• _Your goal_
For the entries that follow, retype exactly the lines from the one containing "of A1.centre A3.centre" to the one containing "line L11 (80.9242, 4.7989)", inclusive, and only those. Images stay out of the copy.

▽

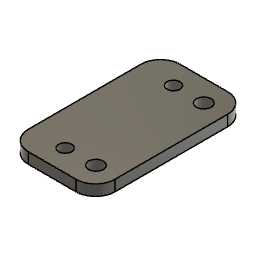
BNO_Mount v3 (Autodesk Fusion 360 design; units mm, degrees)
Autodesk Fusion 360 part; units mm, degrees
sketch "Sketch1" plane through (0, 0, 0) normal (0, 1, 0) x (1, 0, 0)
  line L0 (0, 0) -> (20, 0)
  line L1 (20, 0) -> (20, 35)
  line L2 (20, 35) -> (0, 35)
  line L3 (0, 35) -> (0, 0)
  circle A0 centre (15, 5.1) radius 1.7
  circle A1 centre (15, 30) radius 1.7
  circle A2 centre (8, 5) radius 1.5
  circle A3 centre (8, 30) radius 1.5
  dimension "d1" = 20
  dimension "d2" = 35
  dimension "d3" = 3.4
  dimension "d4" = 3.4
  dimension "d5" = 24.9
  dimension "d6" = 5.1
  dimension "d7" = 5
  dimension "d8" = 5
  dimension "d9" = 3
  dimension "d10" = 3
  dimension "d11" = 25
  dimension "d12" = 7
  dimension "d13" = 7
  dimension "d14" = 5
  constraint horizontal L0
  constraint vertical L1
  constraint horizontal L2
  constraint vertical L3
  constraint coincident L0.start L3.end
  measures "d1" distance of L0.start L0.end
  measures "d2" distance of L0.start L2.end
  measures "d3" diameter of A0
  measures "d4" diameter of A1
  measures "d5" vertical distance of A0.centre A1.centre
  measures "d6" distance of L0 A0.centre
  measures "d7" distance of L1 A1.centre
  measures "d8" distance of L1 A0.centre
  measures "d9" diameter of A2
  measures "d10" diameter of A3
  measures "d11" vertical distance of A2.centre A3.centre
  measures "d12" horizontal distance of A1.centre A3.centre
  measures "d13" horizontal distance of A0.centre A2.centre
  measures "d14" distance of L0 A2.centre
extrude "Extrude1" add sketch "Sketch1" along normal blind 2.5
fillet "Fillet1" radius 4.5 4 edges at (0, 1.25, 0) (20, 1.25, 0) (20, 1.25, -35) (0, 1.25, -35)
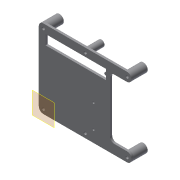
# Autodesk Inventor part: cellSTORM_v5_Electronicbox_midlayer
Saved by Autodesk Inventor 2019 (Build 230136000, 136)
## iProperties
Created: 2020-05-04
Part Number: cellSTORM_v5_Electronicbox_midlayer
Material: Generic
Document SubType Name: Modeling
Designer: diederichbenedict
Density: 1 g/cm^3
Appearance: Default
Author: diederichbenedict
Autodesk Inventor part; units mm, degrees
ref_plane "YZ Plane" through (0, 0, 0) normal (1, 0, 0) x (0, 1, 0)
ref_plane "XZ Plane" through (0, 0, 0) normal (0, 1, 0) x (-1, 0, 0)
ref_plane "Work Plane1" through (0, 0, 15) normal (0, 0, 1) x (1, 0, 0)
sketch "Sketch1" plane through (0, 0, 15) normal (0, 0, 1) x (1, 0, 0)
  circle A0 centre (0, 64) radius 1.4 projected
  circle A1 centre (0, 0) radius 1.4 projected
  circle A2 centre (38.4621, 0) radius 1.4 projected
  circle A3 centre (76.9242, 0) radius 1.4 projected
  circle A4 centre (76.9242, 64) radius 1.4 projected
  circle A5 centre (38.4621, 64) radius 1.4 projected
  circle A6 centre (-0.5, 56.5) radius 1.375 projected
  circle A7 centre (-0.5, 7.5) radius 1.375 projected
  circle A8 centre (57.5, 7.5) radius 1.375 projected
  circle A9 centre (57.5, 56.5) radius 1.375 projected
  line L0 (0, 68) -> (76.9242, 68) projected
  arc A10 (80.9242, 64) -> (76.9242, 68) centre (76.9242, 64) ccw projected
  line L1 (80.9242, 64) -> (80.9242, 0) projected
  arc A11 (76.9242, -4) -> (80.9242, 0) centre (76.9242, 0) ccw projected
  line L2 (76.9242, -4) -> (0, -4) projected
  arc A12 (-4, 0) -> (0, -4) centre (0, 0) ccw projected
  line L3 (-4, 0) -> (-4, 64) projected
  arc A13 (0, 68) -> (-4, 64) centre (0, 64) ccw projected
  line L4 (57.5, 60.619) -> (2.1636, 60.619)
  line L5 (2.1636, 60.619) -> (2.1636, 51.644)
  line L6 (2.1636, 51.644) -> (57.5, 51.644)
  line L7 (57.5, 51.644) -> (57.5, 60.619)
  line L8 (80.9242, 59.8893) -> (61.2665, 59.8893)
  line L9 (61.2665, 59.8893) -> (61.2665, 4.7989)
  line L10 (61.2665, 4.7989) -> (80.9242, 4.7989)
  line L11 (80.9242, 4.7989) -> (80.9242, 59.8893)
  point P0 (0, 0)
  constraints: 16 end point, 4 parallel, 2 horizontal, 2 perpendicular, 1 point on line
extrude "Extrusion1" add sketch "Sketch1" against normal blind 2 contours A6 | A7 | A8 | A9 L7 | L7 A9 | L0 A10 L1 L8 L9 L10 A11 L2 A12 L3 A13
sketch "Sketch2" plane through (0, 0, 13) normal (0, 0, -1) x (-1, 0, 0)
  circle A0 centre (-38.4621, 0) radius 2.9 projected
  circle A1 centre (-38.4621, 64) radius 2.9 projected
  circle A2 centre (0, 0) radius 1.4 projected
  circle A3 centre (-38.4621, 0) radius 1.4 projected
  circle A4 centre (-76.9242, 0) radius 1.4 projected
  circle A5 centre (-76.9242, 64) radius 1.4 projected
  circle A6 centre (-38.4621, 64) radius 1.4 projected
  circle A7 centre (0, 64) radius 1.4 projected
  circle A8 centre (-76.9242, 0) radius 4
  circle A9 centre (-76.9242, 64) radius 4
  circle A10 centre (0, 64) radius 4
  circle A11 centre (0, 0) radius 4
  point P0 (0, 0)
  constraints: 4 centre point, 8 other
ref_plane "Work Plane2" through (-3.375, 53.625, 0) normal (0, 0, 1) x (1, 0, 0)
extrude "Extrusion2" add sketch "Sketch2" along normal up to surface (13 mm away)
fillet "Fillet1" radius 4 4 edges at (61.2665, 4.7989, 14) (61.2665, 59.8893, 14) (80.9242, 59.8893, 14) (80.9242, 4.7989, 14)
sketch "Sketch3" plane through (0, 0, 15) normal (0, 0, 1) x (1, 0, 0)
  circle A0 centre (46, 6.6021) radius 1.05 projected
  line L0 (48, 30.0021) -> (-9, 30.0021) projected
  line L1 (-9, 30.0021) -> (-9, 4.6021) projected
  line L2 (-9, 4.6021) -> (48, 4.6021) projected
  line L3 (48, 4.6021) -> (48, 30.0021) projected
  circle A1 centre (-1, 27.9021) radius 1.05 projected
  circle A2 centre (46, 6.6021) radius 1.05 projected
  circle A3 centre (46, 28.0021) radius 1.05 projected
  circle A4 centre (-0.5, 7.5) radius 1.375 projected
  line L4 (43.458, 3.7531) -> (1.4128, 3.7531)
  line L5 (1.4128, 3.7531) -> (1.4128, 8.2423)
  line L6 (1.4128, 8.2423) -> (43.458, 8.2423)
  line L7 (43.458, 8.2423) -> (43.458, 3.7531)
  line L8 (43.458, 31.4547) -> (0.5917, 31.4547)
  line L9 (0.5917, 31.4547) -> (0.5917, 25.5421)
  line L10 (0.5917, 25.5421) -> (43.458, 25.5421)
  line L11 (43.458, 25.5421) -> (43.458, 31.4547)
  point P0 (0, 0)
  constraints: 16 end point, 4 parallel, 2 horizontal, 2 perpendicular, 1 point on line
extrude "Extrusion3" cut sketch "Sketch3" against normal through all contours A0 | L11 L10 L9 L0 | L0 L9 L8 L11 | L7 L4 L5 L2 | L2 L5 L6 L7 | A3
body "Solid1"
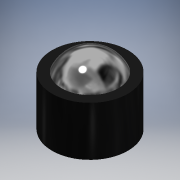
# Autodesk Inventor part: Caster
Saved by Autodesk Inventor 2019 (Build 230136000, 136)
## iProperties
Created: 2019-01-28
Part Number: Caster
Material: Generic
Document SubType Name: Modeling
Designer: scigu
Density: 1 g/cm^3
Appearance: Default
Mass: 6.9115 g
Surface Area: 20.8837 cm^2
Volume: 6.9115 cm^3
Author: scigu
Autodesk Inventor part; units mm, degrees
ref_plane "YZ Plane" through (0, 0, 0) normal (1, 0, 0) x (0, 1, 0)
ref_plane "XZ Plane" through (0, 0, 0) normal (0, 1, 0) x (-1, 0, 0)
ref_plane "XY Plane" through (0, 0, 0) normal (0, 0, 1) x (1, 0, 0)
sketch "Sketch1" plane through (0, 0, 0) normal (0, 1, 0) x (-1, 0, 0)
  circle A0 centre (0, 0) radius 11.5
  dimension "d0" = 23
  constraints: 1 centre point, 1 coincident
  measures "d0" diameter of A0
extrude "Extrusion1" add sketch "Sketch1" along normal blind 15
sketch "Sketch2" plane through (0, 0, 0) normal (1, 0, 0) x (0, 1, 0)
  line L0 (0, 0) -> (20.5, 0)
  line L1 (20.5, 0) -> (11.0014, 0) construction
  line L2 (20.5, 0) -> (29.9986, 0) construction
  arc A0 (20.5, 0) -> (15, 8.616) centre (11.0014, 0) ccw
  line L3 (15, 8.616) -> (15, 0)
  line L4 (15, -11.5) -> (15, 11.5) projected
  line L5 (15, 8.616) -> (15, 0)
  line L6 (20.5, 0) -> (15, 0)
  arc A1 (20.5, 0) -> (15, 8.616) centre (11.0014, 0) ccw
  dimension "d3" = 20.5
  dimension "d4" = 9.4986
  dimension "d5" = 180
  constraints: 12 end point, 4 point on circle, 2 centre point, 2 coincident, 2 collinear, 2 horizontal, 1 midpoint, 1 perpendicular, 1 vertical
  measures "d3" distance of L0.start L0.end
  measures "d4" distance of L0.end L1.end
  measures "d5" angle of L1 L2
revolve "Revolution1" add sketch "Sketch2" angle 360 about axis through (0, 20.5, 0) along (0, 1, 0)
sketch "Sketch3" plane through (0, 0, 0) normal (0, -1, 0) x (1, 0, 0)
  line L0 (0, 0) -> (0, -7.5) construction
  line L1 (0, -7.5) -> (0, 7.5)
  circle A0 centre (0, 7.5) radius 1.25
  circle A1 centre (0, -7.5) radius 1.25
  dimension "d7" = 7.5
  dimension "d8" = 15
  dimension "d9" = 2.5
  dimension "d10" = 2.5
  constraints: 4 end point, 2 centre point, 2 coincident, 1 point on line, 1 vertical
  measures "d7" distance of L0.start L0.end
  measures "d8" distance of L0.end L1.end
  measures "d9" diameter of A0
  measures "d10" diameter of A1
extrude "Extrusion2" cut sketch "Sketch3" against normal blind 5
body "Solid1"

△

• _Answer space_
  measures "d12" horizontal distance of A1.centre A3.centre
  measures "d13" horizontal distance of A0.centre A2.centre
  measures "d14" distance of L0 A2.centre
extrude "Extrude1" add sketch "Sketch1" along normal blind 2.5
fillet "Fillet1" radius 4.5 4 edges at (0, 1.25, 0) (20, 1.25, 0) (20, 1.25, -35) (0, 1.25, -35)
# Autodesk Inventor part: cellSTORM_v5_Electronicbox_midlayer
Saved by Autodesk Inventor 2019 (Build 230136000, 136)
## iProperties
Created: 2020-05-04
Part Number: cellSTORM_v5_Electronicbox_midlayer
Material: Generic
Document SubType Name: Modeling
Designer: diederichbenedict
Density: 1 g/cm^3
Appearance: Default
Author: diederichbenedict
Autodesk Inventor part; units mm, degrees
ref_plane "YZ Plane" through (0, 0, 0) normal (1, 0, 0) x (0, 1, 0)
ref_plane "XZ Plane" through (0, 0, 0) normal (0, 1, 0) x (-1, 0, 0)
ref_plane "Work Plane1" through (0, 0, 15) normal (0, 0, 1) x (1, 0, 0)
sketch "Sketch1" plane through (0, 0, 15) normal (0, 0, 1) x (1, 0, 0)
  circle A0 centre (0, 64) radius 1.4 projected
  circle A1 centre (0, 0) radius 1.4 projected
  circle A2 centre (38.4621, 0) radius 1.4 projected
  circle A3 centre (76.9242, 0) radius 1.4 projected
  circle A4 centre (76.9242, 64) radius 1.4 projected
  circle A5 centre (38.4621, 64) radius 1.4 projected
  circle A6 centre (-0.5, 56.5) radius 1.375 projected
  circle A7 centre (-0.5, 7.5) radius 1.375 projected
  circle A8 centre (57.5, 7.5) radius 1.375 projected
  circle A9 centre (57.5, 56.5) radius 1.375 projected
  line L0 (0, 68) -> (76.9242, 68) projected
  arc A10 (80.9242, 64) -> (76.9242, 68) centre (76.9242, 64) ccw projected
  line L1 (80.9242, 64) -> (80.9242, 0) projected
  arc A11 (76.9242, -4) -> (80.9242, 0) centre (76.9242, 0) ccw projected
  line L2 (76.9242, -4) -> (0, -4) projected
  arc A12 (-4, 0) -> (0, -4) centre (0, 0) ccw projected
  line L3 (-4, 0) -> (-4, 64) projected
  arc A13 (0, 68) -> (-4, 64) centre (0, 64) ccw projected
  line L4 (57.5, 60.619) -> (2.1636, 60.619)
  line L5 (2.1636, 60.619) -> (2.1636, 51.644)
  line L6 (2.1636, 51.644) -> (57.5, 51.644)
  line L7 (57.5, 51.644) -> (57.5, 60.619)
  line L8 (80.9242, 59.8893) -> (61.2665, 59.8893)
  line L9 (61.2665, 59.8893) -> (61.2665, 4.7989)
  line L10 (61.2665, 4.7989) -> (80.9242, 4.7989)
  line L11 (80.9242, 4.7989) -> (80.9242, 59.8893)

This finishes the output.